Alexander E. Merkler, MD, from Weill Cornell Medicine in New York City, and colleagues compared ischemic stroke risk among 1916 adult patients with emergency department visits or hospitalizations with COVID-19 (March 4, 2020 through May 2, 2020) and 1486 adults with emergency department visits or hospitalizations with influenza A/B (Jan 1, 2016, through May 31, 2018).
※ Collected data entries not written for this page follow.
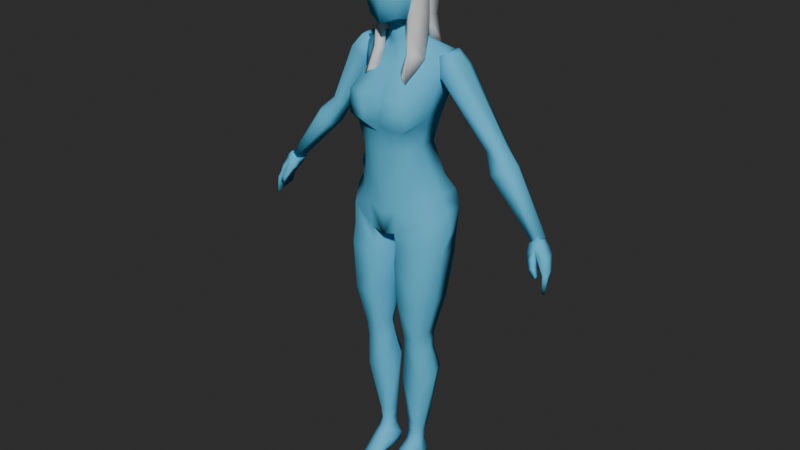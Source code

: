 # Source: shinnareth.blend  (saved by Blender 5.0.119; exported with 4.5.12 LTS)
import bpy
from mathutils import Matrix  # noqa: F401  (used for matrix-valued properties, if any)

bpy.ops.wm.read_factory_settings(use_empty=True)
scene = bpy.context.scene
scene.name = 'Scene'

# ---- collections
col_collection = bpy.data.collections.new('Collection'); scene.collection.children.link(col_collection)

# ---- materials (node trees are filled in below, after node groups)
mat_test = bpy.data.materials.new('Test')
mat_hair = bpy.data.materials.new('hair')

# ---- material node trees
mat_test.use_nodes = True; mat_test.node_tree.nodes.clear()
_N = mat_test.node_tree.nodes; _L = mat_test.node_tree.links
n0 = _N.new('ShaderNodeBsdfPrincipled'); n0.name = 'Principled BSDF'; n0.location = (-200, 100)
n0.inputs[0].default_value = (0.09678, 0.5238, 0.8, 1.0)
n0.inputs[2].default_value = 1.0
n1 = _N.new('ShaderNodeOutputMaterial'); n1.name = 'Material Output'; n1.location = (200, 100)
_L.new(n0.outputs[0], n1.inputs[0])
n1.is_active_output = True
mat_hair.use_nodes = True; mat_hair.node_tree.nodes.clear()
_N = mat_hair.node_tree.nodes; _L = mat_hair.node_tree.links
n0 = _N.new('ShaderNodeBsdfPrincipled'); n0.name = 'Principled BSDF'; n0.location = (-200, 100)
n1 = _N.new('ShaderNodeOutputMaterial'); n1.name = 'Material Output'; n1.location = (200, 100)
_L.new(n0.outputs[0], n1.inputs[0])
n1.is_active_output = True

# ---- world
world_world = bpy.data.worlds.new('World'); scene.world = world_world
world_world.use_nodes = True; world_world.node_tree.nodes.clear()
_N = world_world.node_tree.nodes; _L = world_world.node_tree.links
n0 = _N.new('ShaderNodeOutputWorld'); n0.name = 'World Output'; n0.location = (200, 100)
n1 = _N.new('ShaderNodeBackground'); n1.name = 'Background'; n1.location = (-200, 100)
n1.inputs[0].default_value = (0.0339, 0.0339, 0.0339, 1.0)
_L.new(n1.outputs[0], n0.inputs[0])
n0.is_active_output = True
world_world.color = (0.05088, 0.05088, 0.05088)
world_world.sun_shadow_jitter_overblur = 0.0

# ---- meshes
me_cube_002 = bpy.data.meshes.new('Cube.002')
me_cube_002.from_pydata([(-0.05188, -0.1071, 1.029), (-0.08482, -0.08871, 1.101), (-0.1556, -0.01639, 1.074), (-0.1154, 0.05462, 1.116), (-0.07835, 0.04399, 1.222), (-0.0207, 0.03073, 1.615), (-0.07441, -0.1016, 1.221), (0.0, 0.09545, 0.9524), (0.0, 0.05668, 1.116), (0.0, -0.1066, 0.9324), (0.0, -0.1183, 1.105), (0.0, -0.1221, 1.217), (-0.04043, -0.02699, 1.558), (0.0, 0.02316, 1.218), (-0.08827, 0.05742, 1.287), (-0.08881, -0.1131, 1.294), (0.0, -0.1302, 1.286), (0.0, 0.05038, 1.286), (-0.01735, -0.045, 1.552), (-0.1046, -0.1292, 1.4), (-0.01996, -0.02113, 1.66), (-0.1036, 0.1025, 1.391), (-0.02609, 0.04322, 1.574), (0.0, -0.1216, 1.399), (-0.02062, 0.02136, 1.653), (0.0, 0.08099, 1.394), (-0.08662, -0.05282, 1.473), (-0.1405, 0.06626, 1.52), (0.0, -0.07408, 1.469), (0.0, 0.08133, 1.506), (-0.05725, -0.02302, 1.528), (-0.06505, 0.04364, 1.546), (0.0, -0.0432, 1.525), (0.0, 0.06442, 1.549), (-0.141, -0.09139, 0.8495), (-0.1375, -0.08183, 0.9924), (-0.1504, 0.06725, 0.8469), (-0.1387, 0.1064, 0.9972), (-0.04138, -0.1044, 0.8357), (-0.04444, -0.1059, 0.9455), (-0.03493, 0.07612, 0.8317), (-0.08551, 0.1287, 0.9574), (-0.1257, -0.09525, 0.6892), (-0.134, 0.05148, 0.6916), (-0.05337, -0.1001, 0.6862), (-0.044, 0.05184, 0.692), (-0.1061, -0.06838, 0.5493), (-0.1078, 0.02246, 0.5502), (-0.05453, -0.06873, 0.5494), (-0.06348, 0.02256, 0.5502), (-0.1057, -0.05891, 0.4935), (-0.1065, 0.02301, 0.4995), (-0.04834, -0.05863, 0.4938), (-0.06894, 0.02291, 0.4997), (-0.1112, -0.05495, 0.3714), (-0.111, 0.05473, 0.4032), (-0.03773, -0.05499, 0.3716), (-0.05673, 0.05464, 0.4033), (-0.0743, -0.03593, 0.1843), (-0.09235, 0.01636, 0.184), (-0.04448, -0.03024, 0.1854), (-0.06376, 0.02636, 0.1811), (-0.06803, -0.03397, 0.1424), (-0.08549, 0.008976, 0.1436), (-0.0425, -0.02694, 0.1416), (-0.066, 0.01923, 0.1414), (-0.04131, 0.006214, 0.1177), (-0.03096, 0.01621, 0.04544), (-0.03575, -0.02927, 0.105), (-0.03207, -0.01784, 0.0361), (-0.0857, 0.002838, 0.1111), (-0.08147, 0.01687, 0.03676), (-0.09371, -0.02918, 0.1029), (-0.08751, -0.01499, 0.03206), (-0.06965, -0.1034, 1.698), (-0.06592, -0.08915, 1.768), (-0.06161, 0.05428, 1.7), (-0.06416, 0.0515, 1.772), (0.0, -0.1197, 1.693), (0.0, -0.1122, 1.778), (0.0, 0.09025, 1.693), (0.0, 0.08692, 1.779), (-0.04758, -0.1008, 1.631), (-0.04758, 0.02481, 1.64), (0.0, -0.1164, 1.612), (0.0, 0.02767, 1.623), (-0.008287, -0.06161, 1.609), (-0.007546, 0.009015, 1.616), (0.0, -0.06161, 1.609), (0.0, 0.008831, 1.616), (-0.04558, -0.07009, 1.801), (-0.04802, 0.0424, 1.802), (0.0, -0.08294, 1.817), (0.0, 0.05581, 1.817), (-0.01666, -0.04199, 1.838), (-0.01652, -0.001953, 1.838), (0.0, -0.04199, 1.838), (0.0, -0.001953, 1.838), (-0.02631, -0.04268, 1.524), (-0.03447, -0.0453, 1.642), (-0.03728, 0.004044, 1.65), (0.0, -0.07166, 1.636), (0.0, 0.02606, 1.653), (-0.02973, -0.111, 0.04317), (-0.03, -0.1035, 0.005048), (-0.08699, -0.111, 0.04317), (-0.08023, -0.1032, 0.001778), (-0.02725, -0.1621, 0.03009), (-0.03239, -0.1432, 0.001828), (-0.08437, -0.1424, 0.0319), (-0.07235, -0.1395, 0.003313), (-0.04011, -0.1778, 0.02444), (-0.04008, -0.1763, 0.01021), (-0.06637, -0.1686, 0.02527), (-0.06633, -0.1672, 0.01104), (-0.08322, -0.01474, 1.693), (-0.08173, -0.01268, 1.779), (-0.05718, -0.04088, 1.618), (-0.008287, -0.0256, 1.612), (-0.05559, -0.01357, 1.817), (-0.01651, -0.02197, 1.838), (0.0, -0.02197, 1.838), (-0.0768, 0.01626, 1.553), (-0.04191, -0.02185, 1.66), (-0.07367, -0.02113, 1.66), (-0.1141, -0.03819, 1.301), (-0.1357, -0.02454, 1.405), (-0.03818, 0.01856, 1.613), (-0.1526, 0.004295, 1.522), (-0.1455, -0.03527, 1.123), (-0.1006, -0.04708, 1.237), (0.0, 0.03605, 1.616), (0.0, -0.05343, 1.551), (-0.1276, 0.0981, 1.054), (-0.0153, -0.0533, 1.604), (-0.03613, -0.03647, 1.606), (-0.1031, -0.07459, 1.053), (-0.1772, -0.03695, 0.8731), (-0.1828, -0.01224, 1.025), (-0.008549, -0.01932, 0.857), (-0.0154, 0.02222, 0.9463), (-0.1554, -0.03343, 0.7047), (-0.02311, -0.03358, 0.7048), (-0.1197, -0.02645, 0.5735), (-0.04248, -0.01525, 0.5622), (-0.1265, -0.01941, 0.5127), (-0.04015, -0.003413, 0.5077), (-0.134, 0.002966, 0.4052), (-0.0289, 0.01852, 0.4048), (-0.09485, -0.01354, 0.186), (-0.04239, 0.009794, 0.1843), (-0.08735, -0.01989, 0.1432), (-0.04476, 0.009413, 0.1424), (-0.08186, 0.07721, 0.9384), (-0.03698, -0.1104, 1.103), (-0.04014, 0.06924, 1.121), (-0.04191, -0.0153, 1.624), (0.0, -0.1094, 1.005), (0.0, 0.08735, 1.007), (-0.08421, 0.128, 1.038), (-0.04906, 0.0312, 1.571), (-0.02744, 0.03756, 1.22), (-0.0455, -0.1087, 1.22), (-0.02895, 0.05965, 1.286), (-0.0417, -0.1252, 1.295), (0.0, 0.04868, 1.576), (0.0, -0.06303, 1.602), (-0.01612, -0.06128, 1.639), (-0.03319, 0.09481, 1.393), (-0.03297, 0.05725, 1.549), (-0.04107, -0.1512, 1.404), (-0.06788, 0.08667, 1.507), (-0.03527, -0.07041, 1.469), (-0.05051, -0.00181, 1.578), (-0.1136, -0.1273, 1.352), (-0.09427, 0.07827, 1.338), (0.0, 0.06695, 1.34), (0.0, -0.1252, 1.357), (-0.123, -0.03074, 1.352), (-0.0323, -0.1568, 1.354), (-0.0303, 0.07752, 1.339), (-0.1934, -0.02105, 1.484), (-0.1593, -0.00822, 1.527), (-0.1904, 0.0754, 1.489), (-0.1576, 0.05725, 1.53), (-0.1501, -0.02105, 1.457), (-0.1349, -0.00822, 1.517), (-0.1472, 0.0754, 1.463), (-0.1331, 0.05725, 1.52), (-0.1363, 0.006064, 1.447), (-0.1221, 0.00669, 1.491), (-0.1353, 0.05204, 1.449), (-0.1189, 0.04297, 1.496), (-0.2027, 0.008613, 1.485), (-0.1815, 0.009239, 1.515), (-0.2017, 0.04949, 1.487), (-0.1784, 0.04042, 1.521), (-0.3223, 0.02608, 1.267), (-0.3223, 0.08378, 1.267), (-0.2905, 0.02612, 1.247), (-0.2905, 0.08387, 1.247), (-0.2866, 0.03804, 1.243), (-0.2817, 0.07181, 1.244), (-0.3261, 0.06916, 1.273), (-0.3267, -0.0005176, 1.188), (-0.3326, 0.07868, 1.175), (-0.3638, 0.001872, 1.22), (-0.3695, 0.08082, 1.207), (-0.3787, 0.02392, 1.223), (-0.3236, 0.04098, 1.275), (-0.3818, 0.0614, 1.216), (-0.3257, 0.02257, 1.176), (-0.3285, 0.05607, 1.171), (-0.4826, 0.0005664, 1.02), (-0.4826, 0.03957, 1.02), (-0.5007, 0.0009806, 1.029), (-0.5007, 0.03998, 1.029), (-0.5063, 0.01231, 1.032), (-0.5063, 0.0343, 1.032), (-0.4768, 0.01269, 1.016), (-0.4757, 0.03163, 1.016), (-0.518, 0.00114, 1.025), (-0.5008, 6.72e-05, 1.041), (-0.5066, 0.03703, 1.022), (-0.4876, 0.04537, 1.034), (-0.4796, -0.02172, 0.9884), (-0.4739, -0.003705, 1.017), (-0.4797, 0.01929, 0.9882), (-0.4739, 0.04402, 1.017), (-0.4929, 0.0451, 1.01), (-0.4847, 0.04625, 1.023), (-0.5004, -0.01505, 1.013), (-0.4894, -0.005055, 1.03), (-0.5282, 0.0008617, 1.005), (-0.5204, 0.03736, 1.003), (-0.4986, 0.04438, 0.986), (-0.5129, -0.02259, 0.9898), (-0.5429, -0.003211, 0.9852), (-0.5317, 0.03521, 0.9856), (-0.5067, 0.04164, 0.9738), (-0.5263, -0.0269, 0.9734), (-0.553, -0.01161, 0.9394), (-0.5432, 0.02244, 0.9433), (-0.5227, 0.0299, 0.9433), (-0.5423, -0.02962, 0.942), (-0.5534, -0.0284, 0.8822), (-0.5395, 0.01004, 0.9004), (-0.5254, 0.02289, 0.9167), (-0.5456, -0.03148, 0.8859), (-0.4867, -0.02712, 0.9752), (-0.4868, -0.005304, 0.9751), (-0.4993, -0.03755, 0.9518), (-0.4993, -0.01943, 0.9519), (-0.5139, -0.03537, 0.9249), (-0.5139, -0.02182, 0.9248), (-0.5064, -0.02707, 0.9857), (-0.5064, -0.005257, 0.9856), (-0.5146, -0.03757, 0.9606), (-0.5146, -0.01945, 0.9606), (-0.5241, -0.03548, 0.9314), (-0.5242, -0.02193, 0.9313), (-0.1388, -0.0816, 0.9167), (-0.1433, 0.0862, 0.9161), (-0.03865, 0.07593, 0.8855), (-0.04577, -0.1009, 0.8873), (-0.007941, -0.00492, 0.9164), (-0.191, -0.01238, 0.9539), (0.0, -0.005307, 0.9251), (0.0, 0.07137, 0.9394), (-0.02261, 0.0964, 0.9165), (-0.01476, 0.1002, 0.9323), (-0.09978, 0.1185, 0.9227), (-0.03959, -0.0625, 0.02516), (-0.08508, -0.06502, 0.02406), (-0.08858, -0.07275, 0.07053), (-0.03192, -0.06805, 0.07359), (-0.02454, -0.02202, 0.06585), (-0.02541, 0.01493, 0.07572), (-0.08946, 0.02015, 0.0601), (-0.09909, -0.0196, 0.06204), (-0.02127, -0.1064, 0.02022), (-0.08732, -0.1074, 0.01992), (-0.02904, -0.1509, 0.01233), (-0.08119, -0.1406, 0.01327), (-0.04009, -0.177, 0.01732), (-0.06635, -0.1679, 0.01815), (-0.02925, -0.06964, 0.04576), (-0.08975, -0.06759, 0.03795), (-0.06347, -0.03916, 0.1192), (-0.05495, -0.01216, 0.01984), (-0.06466, 0.0198, 0.1177), (-0.05946, 0.03136, 0.03344), (-0.05921, -0.1139, 0.04946), (-0.055, -0.1027, 0.001819), (-0.05581, -0.1522, 0.031), (-0.05301, -0.1384, -0.0002423), (-0.05324, -0.1732, 0.02485), (-0.0532, -0.1718, 0.01062), (-0.06154, -0.07483, 0.08229), (-0.05884, -0.06163, 0.02219), (-0.05322, -0.1725, 0.01774), (-0.06267, 0.03271, 0.07079), (-0.1097, -0.127, 1.319), (-0.02962, 0.06858, 1.312), (-0.03665, -0.1519, 1.317), (-0.1185, -0.03446, 1.327), (-0.09127, 0.06785, 1.312), (0.0, -0.1321, 1.318), (0.0, 0.05866, 1.313)], [], [(2, 129, 3, 133), (129, 130, 4, 3), (154, 162, 6, 1), (0, 154, 1, 136), (31, 160, 22, 169), (155, 161, 13, 8), (35, 39, 0, 136), (12, 135, 156, 173), (159, 155, 8, 158), (162, 11, 16, 164), (161, 4, 14, 163), (130, 6, 15, 125), (178, 126, 21, 175), (180, 168, 25, 176), (128, 26, 30, 122), (179, 170, 19, 174), (173, 156, 127, 160), (168, 21, 27, 171), (126, 19, 26, 128), (170, 23, 28, 172), (172, 28, 32, 98), (171, 27, 31, 169), (266, 138, 37, 262), (262, 271, 263), (265, 140, 39, 264), (264, 39, 35, 261), (38, 34, 42, 44), (141, 43, 47, 143), (36, 40, 45, 43), (137, 36, 43, 141), (139, 38, 44, 142), (44, 42, 46, 48), (43, 45, 49, 47), (142, 44, 48, 144), (145, 143, 47, 51), (51, 47, 49, 53), (146, 144, 48, 52), (52, 48, 46, 50), (52, 50, 54, 56), (148, 56, 60, 150), (51, 53, 57, 55), (145, 51, 55, 147), (146, 52, 56, 148), (59, 61, 65, 63), (147, 55, 59, 149), (56, 54, 58, 60), (55, 57, 61, 59), (60, 58, 62, 64), (150, 60, 64, 152), (149, 59, 63, 151), (58, 149, 151, 62), (291, 67, 69, 289), (299, 272, 104, 293), (277, 66, 68, 276), (301, 290, 66, 277), (279, 72, 70, 278), (115, 116, 77, 76), (76, 77, 81, 80), (117, 83, 87, 118), (78, 79, 75, 74), (78, 74, 82, 84), (81, 77, 91, 93), (76, 80, 85, 83), (115, 76, 83, 117), (84, 82, 86, 88), (83, 85, 89, 87), (90, 92, 96, 94), (116, 75, 90, 119), (75, 79, 92, 90), (121, 120, 94, 96), (93, 91, 95, 97), (119, 90, 94, 120), (156, 123, 100, 127), (5, 24, 102, 131), (134, 167, 99, 135), (20, 123, 99, 167), (281, 106, 110, 283), (287, 273, 106, 281), (286, 275, 103, 280), (298, 274, 105, 292), (282, 107, 111, 284), (293, 104, 108, 295), (280, 103, 107, 282), (292, 105, 109, 294), (300, 296, 113, 285), (294, 109, 113, 296), (283, 110, 114, 285), (295, 108, 112, 297), (91, 119, 120, 95), (97, 95, 120, 121), (77, 116, 119, 91), (74, 115, 117, 82), (82, 117, 118, 86), (74, 75, 116, 115), (24, 100, 123, 20), (135, 99, 123, 156), (21, 126, 128, 27), (22, 5, 131, 165), (27, 128, 122, 31), (174, 19, 126, 178), (4, 130, 125, 14), (169, 22, 165, 33), (124, 20, 167, 101), (1, 6, 130, 129), (37, 138, 2, 133), (160, 127, 5, 22), (136, 1, 129, 2), (45, 142, 144, 49), (40, 139, 142, 45), (34, 137, 141, 42), (42, 141, 143, 46), (263, 269, 140, 265), (261, 35, 138, 266), (61, 150, 152, 65), (151, 63, 70, 72), (54, 147, 149, 58), (53, 146, 148, 57), (50, 145, 147, 54), (57, 148, 150, 61), (53, 49, 144, 146), (50, 46, 143, 145), (132, 166, 134, 18), (138, 35, 136, 2), (133, 3, 155, 159), (32, 132, 18, 98), (157, 10, 154, 0), (9, 157, 0, 39), (41, 159, 158, 7), (102, 24, 20, 124), (98, 18, 12, 30), (13, 161, 163, 17), (6, 162, 164, 15), (30, 12, 173, 122), (3, 4, 161, 155), (10, 11, 162, 154), (18, 134, 135, 12), (29, 171, 169, 33), (26, 172, 98, 30), (19, 170, 172, 26), (25, 168, 171, 29), (122, 173, 160, 31), (177, 23, 170, 179), (175, 21, 168, 180), (306, 175, 180, 303), (307, 177, 179, 304), (302, 174, 178, 305), (304, 179, 174, 302), (303, 180, 176, 308), (305, 178, 175, 306), (166, 101, 167, 134), (127, 100, 24, 5), (181, 182, 194, 193), (183, 184, 188, 187), (188, 186, 190, 192), (185, 186, 182, 181), (183, 187, 200, 198), (188, 184, 182, 186), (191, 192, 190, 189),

The researchers found that 1.6% of COVID-19 patients had an acute ischemic stroke. Among patients with stroke, the median age was 69 years and 58% were men. For 26%, stroke was the reason for hospital presentation. Among patients with influenza, 0.2% had an acute ischemic stroke. The likelihood of stroke was higher with COVID-19 infection than with influenza infection when adjusting for age, sex, and race (odds ratio, 7.6). When further adjusting for vascular risk factors, viral symptomatology, and intensive care unit admission, the association between stroke and COVID-19 persisted.

“Additional studies are needed to confirm these findings and to investigate possible thrombotic mechanisms associated with COVID-19,” the authors write.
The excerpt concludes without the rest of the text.